'''
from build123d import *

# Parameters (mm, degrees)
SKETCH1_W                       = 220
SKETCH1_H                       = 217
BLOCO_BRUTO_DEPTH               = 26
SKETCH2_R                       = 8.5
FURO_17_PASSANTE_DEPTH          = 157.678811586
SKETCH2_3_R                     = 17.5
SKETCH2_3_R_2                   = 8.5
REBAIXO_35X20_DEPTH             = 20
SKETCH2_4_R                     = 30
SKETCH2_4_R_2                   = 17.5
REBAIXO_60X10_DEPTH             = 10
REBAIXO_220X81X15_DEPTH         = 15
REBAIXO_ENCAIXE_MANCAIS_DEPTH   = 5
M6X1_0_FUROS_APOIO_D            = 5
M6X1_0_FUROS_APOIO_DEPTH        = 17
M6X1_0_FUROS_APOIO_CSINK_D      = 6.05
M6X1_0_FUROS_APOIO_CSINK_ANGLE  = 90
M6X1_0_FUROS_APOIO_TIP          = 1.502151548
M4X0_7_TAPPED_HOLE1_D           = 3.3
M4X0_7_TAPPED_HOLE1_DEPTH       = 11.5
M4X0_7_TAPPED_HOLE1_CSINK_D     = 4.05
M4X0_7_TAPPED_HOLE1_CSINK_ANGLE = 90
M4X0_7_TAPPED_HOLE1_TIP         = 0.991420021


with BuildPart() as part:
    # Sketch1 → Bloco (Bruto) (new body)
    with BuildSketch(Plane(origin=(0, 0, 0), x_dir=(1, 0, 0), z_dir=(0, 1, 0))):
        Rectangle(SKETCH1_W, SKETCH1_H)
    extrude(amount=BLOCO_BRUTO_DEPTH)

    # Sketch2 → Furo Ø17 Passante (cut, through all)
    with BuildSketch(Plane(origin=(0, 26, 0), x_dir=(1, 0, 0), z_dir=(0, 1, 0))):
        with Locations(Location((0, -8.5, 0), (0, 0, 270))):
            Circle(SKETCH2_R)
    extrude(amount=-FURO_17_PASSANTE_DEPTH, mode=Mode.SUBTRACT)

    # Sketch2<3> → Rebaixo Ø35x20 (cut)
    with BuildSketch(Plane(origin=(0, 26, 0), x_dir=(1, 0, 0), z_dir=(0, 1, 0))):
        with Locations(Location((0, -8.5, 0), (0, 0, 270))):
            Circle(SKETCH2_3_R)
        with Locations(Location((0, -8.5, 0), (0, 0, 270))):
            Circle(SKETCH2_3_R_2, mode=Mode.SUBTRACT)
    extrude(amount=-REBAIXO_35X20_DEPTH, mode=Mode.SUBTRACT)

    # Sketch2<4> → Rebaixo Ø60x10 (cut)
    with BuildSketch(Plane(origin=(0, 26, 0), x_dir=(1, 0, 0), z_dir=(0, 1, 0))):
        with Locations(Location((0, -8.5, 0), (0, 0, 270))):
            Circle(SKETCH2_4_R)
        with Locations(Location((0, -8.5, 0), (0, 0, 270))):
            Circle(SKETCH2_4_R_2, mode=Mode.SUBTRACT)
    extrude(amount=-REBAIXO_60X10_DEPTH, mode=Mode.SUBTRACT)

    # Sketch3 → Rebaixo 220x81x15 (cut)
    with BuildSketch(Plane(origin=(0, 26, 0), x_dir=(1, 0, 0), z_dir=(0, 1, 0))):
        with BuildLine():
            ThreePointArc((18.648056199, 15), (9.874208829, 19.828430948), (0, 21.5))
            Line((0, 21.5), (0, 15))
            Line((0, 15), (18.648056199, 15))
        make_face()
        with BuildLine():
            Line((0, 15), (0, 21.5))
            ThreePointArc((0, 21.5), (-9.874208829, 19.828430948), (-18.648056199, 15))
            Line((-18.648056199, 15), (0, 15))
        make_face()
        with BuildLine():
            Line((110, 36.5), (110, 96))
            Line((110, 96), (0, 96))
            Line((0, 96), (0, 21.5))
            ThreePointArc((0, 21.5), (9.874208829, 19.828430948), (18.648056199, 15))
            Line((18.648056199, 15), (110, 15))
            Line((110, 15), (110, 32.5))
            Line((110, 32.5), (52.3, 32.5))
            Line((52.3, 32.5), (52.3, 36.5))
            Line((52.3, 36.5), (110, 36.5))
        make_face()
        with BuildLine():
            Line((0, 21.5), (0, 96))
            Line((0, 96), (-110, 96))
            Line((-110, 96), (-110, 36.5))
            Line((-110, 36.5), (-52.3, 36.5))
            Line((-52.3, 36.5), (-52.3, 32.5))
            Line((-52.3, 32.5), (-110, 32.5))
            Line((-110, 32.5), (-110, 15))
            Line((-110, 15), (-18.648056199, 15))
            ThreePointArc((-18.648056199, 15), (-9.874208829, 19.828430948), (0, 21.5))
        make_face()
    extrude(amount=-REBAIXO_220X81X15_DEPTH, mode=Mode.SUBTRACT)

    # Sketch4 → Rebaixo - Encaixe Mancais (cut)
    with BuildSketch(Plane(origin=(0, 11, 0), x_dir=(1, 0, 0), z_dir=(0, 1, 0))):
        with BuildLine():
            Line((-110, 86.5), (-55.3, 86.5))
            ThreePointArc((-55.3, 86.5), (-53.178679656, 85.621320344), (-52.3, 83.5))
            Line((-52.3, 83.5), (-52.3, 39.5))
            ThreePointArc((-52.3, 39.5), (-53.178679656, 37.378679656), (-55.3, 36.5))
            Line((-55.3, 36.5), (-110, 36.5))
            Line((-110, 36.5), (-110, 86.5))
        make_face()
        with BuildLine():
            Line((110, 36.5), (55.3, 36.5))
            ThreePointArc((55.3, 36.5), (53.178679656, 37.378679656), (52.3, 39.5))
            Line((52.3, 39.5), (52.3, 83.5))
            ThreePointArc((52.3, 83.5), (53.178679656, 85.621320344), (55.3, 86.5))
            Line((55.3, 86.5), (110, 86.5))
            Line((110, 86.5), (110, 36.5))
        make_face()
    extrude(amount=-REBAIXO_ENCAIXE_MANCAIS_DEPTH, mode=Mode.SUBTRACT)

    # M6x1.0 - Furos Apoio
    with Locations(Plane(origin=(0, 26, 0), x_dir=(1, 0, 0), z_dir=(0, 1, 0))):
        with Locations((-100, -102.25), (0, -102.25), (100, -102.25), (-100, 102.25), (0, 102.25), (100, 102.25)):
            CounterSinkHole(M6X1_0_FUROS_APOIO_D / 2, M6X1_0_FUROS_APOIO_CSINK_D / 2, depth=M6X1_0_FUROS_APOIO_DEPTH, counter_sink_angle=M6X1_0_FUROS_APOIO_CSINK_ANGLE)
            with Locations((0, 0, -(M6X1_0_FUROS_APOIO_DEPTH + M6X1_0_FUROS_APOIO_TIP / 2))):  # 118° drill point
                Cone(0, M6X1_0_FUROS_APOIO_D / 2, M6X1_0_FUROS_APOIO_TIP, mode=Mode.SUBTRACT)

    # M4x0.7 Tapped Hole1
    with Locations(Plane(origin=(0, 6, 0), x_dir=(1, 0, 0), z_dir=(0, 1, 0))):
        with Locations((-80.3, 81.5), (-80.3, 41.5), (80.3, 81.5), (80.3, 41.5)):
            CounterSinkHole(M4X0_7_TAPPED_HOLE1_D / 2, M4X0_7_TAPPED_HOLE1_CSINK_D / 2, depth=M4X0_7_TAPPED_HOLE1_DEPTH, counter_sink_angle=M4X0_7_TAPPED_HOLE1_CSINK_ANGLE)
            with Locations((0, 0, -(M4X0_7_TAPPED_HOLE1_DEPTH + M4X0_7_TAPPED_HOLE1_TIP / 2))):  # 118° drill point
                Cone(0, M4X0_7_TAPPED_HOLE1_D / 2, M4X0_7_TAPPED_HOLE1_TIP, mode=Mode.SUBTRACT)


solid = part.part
'''
→ About this task
What you return should match the listing above exactly.

→ Task response
from build123d import *

# Parameters (mm, degrees)
SKETCH1_W                       = 220
SKETCH1_H                       = 217
BLOCO_BRUTO_DEPTH               = 26
SKETCH2_R                       = 8.5
FURO_17_PASSANTE_DEPTH          = 157.678811586
SKETCH2_3_R                     = 17.5
SKETCH2_3_R_2                   = 8.5
REBAIXO_35X20_DEPTH             = 20
SKETCH2_4_R                     = 30
SKETCH2_4_R_2                   = 17.5
REBAIXO_60X10_DEPTH             = 10
REBAIXO_220X81X15_DEPTH         = 15
REBAIXO_ENCAIXE_MANCAIS_DEPTH   = 5
M6X1_0_FUROS_APOIO_D            = 5
M6X1_0_FUROS_APOIO_DEPTH        = 17
M6X1_0_FUROS_APOIO_CSINK_D      = 6.05
M6X1_0_FUROS_APOIO_CSINK_ANGLE  = 90
M6X1_0_FUROS_APOIO_TIP          = 1.502151548
M4X0_7_TAPPED_HOLE1_D           = 3.3
M4X0_7_TAPPED_HOLE1_DEPTH       = 11.5
M4X0_7_TAPPED_HOLE1_CSINK_D     = 4.05
M4X0_7_TAPPED_HOLE1_CSINK_ANGLE = 90
M4X0_7_TAPPED_HOLE1_TIP         = 0.991420021


with BuildPart() as part:
    # Sketch1 → Bloco (Bruto) (new body)
    with BuildSketch(Plane(origin=(0, 0, 0), x_dir=(1, 0, 0), z_dir=(0, 1, 0))):
        Rectangle(SKETCH1_W, SKETCH1_H)
    extrude(amount=BLOCO_BRUTO_DEPTH)

    # Sketch2 → Furo Ø17 Passante (cut, through all)
    with BuildSketch(Plane(origin=(0, 26, 0), x_dir=(1, 0, 0), z_dir=(0, 1, 0))):
        with Locations(Location((0, -8.5, 0), (0, 0, 270))):
            Circle(SKETCH2_R)
    extrude(amount=-FURO_17_PASSANTE_DEPTH, mode=Mode.SUBTRACT)

    # Sketch2<3> → Rebaixo Ø35x20 (cut)
    with BuildSketch(Plane(origin=(0, 26, 0), x_dir=(1, 0, 0), z_dir=(0, 1, 0))):
        with Locations(Location((0, -8.5, 0), (0, 0, 270))):
            Circle(SKETCH2_3_R)
        with Locations(Location((0, -8.5, 0), (0, 0, 270))):
            Circle(SKETCH2_3_R_2, mode=Mode.SUBTRACT)
    extrude(amount=-REBAIXO_35X20_DEPTH, mode=Mode.SUBTRACT)

    # Sketch2<4> → Rebaixo Ø60x10 (cut)
    with BuildSketch(Plane(origin=(0, 26, 0), x_dir=(1, 0, 0), z_dir=(0, 1, 0))):
        with Locations(Location((0, -8.5, 0), (0, 0, 270))):
            Circle(SKETCH2_4_R)
        with Locations(Location((0, -8.5, 0), (0, 0, 270))):
            Circle(SKETCH2_4_R_2, mode=Mode.SUBTRACT)
    extrude(amount=-REBAIXO_60X10_DEPTH, mode=Mode.SUBTRACT)

    # Sketch3 → Rebaixo 220x81x15 (cut)
    with BuildSketch(Plane(origin=(0, 26, 0), x_dir=(1, 0, 0), z_dir=(0, 1, 0))):
        with BuildLine():
            ThreePointArc((18.648056199, 15), (9.874208829, 19.828430948), (0, 21.5))
            Line((0, 21.5), (0, 15))
            Line((0, 15), (18.648056199, 15))
        make_face()
        with BuildLine():
            Line((0, 15), (0, 21.5))
            ThreePointArc((0, 21.5), (-9.874208829, 19.828430948), (-18.648056199, 15))
            Line((-18.648056199, 15), (0, 15))
        make_face()
        with BuildLine():
            Line((110, 36.5), (110, 96))
            Line((110, 96), (0, 96))
            Line((0, 96), (0, 21.5))
            ThreePointArc((0, 21.5), (9.874208829, 19.828430948), (18.648056199, 15))
            Line((18.648056199, 15), (110, 15))
            Line((110, 15), (110, 32.5))
            Line((110, 32.5), (52.3, 32.5))
            Line((52.3, 32.5), (52.3, 36.5))
            Line((52.3, 36.5), (110, 36.5))
        make_face()
        with BuildLine():
            Line((0, 21.5), (0, 96))
            Line((0, 96), (-110, 96))
            Line((-110, 96), (-110, 36.5))
            Line((-110, 36.5), (-52.3, 36.5))
            Line((-52.3, 36.5), (-52.3, 32.5))
            Line((-52.3, 32.5), (-110, 32.5))
            Line((-110, 32.5), (-110, 15))
            Line((-110, 15), (-18.648056199, 15))
            ThreePointArc((-18.648056199, 15), (-9.874208829, 19.828430948), (0, 21.5))
        make_face()
    extrude(amount=-REBAIXO_220X81X15_DEPTH, mode=Mode.SUBTRACT)

    # Sketch4 → Rebaixo - Encaixe Mancais (cut)
    with BuildSketch(Plane(origin=(0, 11, 0), x_dir=(1, 0, 0), z_dir=(0, 1, 0))):
        with BuildLine():
            Line((-110, 86.5), (-55.3, 86.5))
            ThreePointArc((-55.3, 86.5), (-53.178679656, 85.621320344), (-52.3, 83.5))
            Line((-52.3, 83.5), (-52.3, 39.5))
            ThreePointArc((-52.3, 39.5), (-53.178679656, 37.378679656), (-55.3, 36.5))
            Line((-55.3, 36.5), (-110, 36.5))
            Line((-110, 36.5), (-110, 86.5))
        make_face()
        with BuildLine():
            Line((110, 36.5), (55.3, 36.5))
            ThreePointArc((55.3, 36.5), (53.178679656, 37.378679656), (52.3, 39.5))
            Line((52.3, 39.5), (52.3, 83.5))
            ThreePointArc((52.3, 83.5), (53.178679656, 85.621320344), (55.3, 86.5))
            Line((55.3, 86.5), (110, 86.5))
            Line((110, 86.5), (110, 36.5))
        make_face()
    extrude(amount=-REBAIXO_ENCAIXE_MANCAIS_DEPTH, mode=Mode.SUBTRACT)

    # M6x1.0 - Furos Apoio
    with Locations(Plane(origin=(0, 26, 0), x_dir=(1, 0, 0), z_dir=(0, 1, 0))):
        with Locations((-100, -102.25), (0, -102.25), (100, -102.25), (-100, 102.25), (0, 102.25), (100, 102.25)):
            CounterSinkHole(M6X1_0_FUROS_APOIO_D / 2, M6X1_0_FUROS_APOIO_CSINK_D / 2, depth=M6X1_0_FUROS_APOIO_DEPTH, counter_sink_angle=M6X1_0_FUROS_APOIO_CSINK_ANGLE)
            with Locations((0, 0, -(M6X1_0_FUROS_APOIO_DEPTH + M6X1_0_FUROS_APOIO_TIP / 2))):  # 118° drill point
                Cone(0, M6X1_0_FUROS_APOIO_D / 2, M6X1_0_FUROS_APOIO_TIP, mode=Mode.SUBTRACT)

    # M4x0.7 Tapped Hole1
    with Locations(Plane(origin=(0, 6, 0), x_dir=(1, 0, 0), z_dir=(0, 1, 0))):
        with Locations((-80.3, 81.5), (-80.3, 41.5), (80.3, 81.5), (80.3, 41.5)):
            CounterSinkHole(M4X0_7_TAPPED_HOLE1_D / 2, M4X0_7_TAPPED_HOLE1_CSINK_D / 2, depth=M4X0_7_TAPPED_HOLE1_DEPTH, counter_sink_angle=M4X0_7_TAPPED_HOLE1_CSINK_ANGLE)
            with Locations((0, 0, -(M4X0_7_TAPPED_HOLE1_DEPTH + M4X0_7_TAPPED_HOLE1_TIP / 2))):  # 118° drill point
                Cone(0, M4X0_7_TAPPED_HOLE1_D / 2, M4X0_7_TAPPED_HOLE1_TIP, mode=Mode.SUBTRACT)


solid = part.part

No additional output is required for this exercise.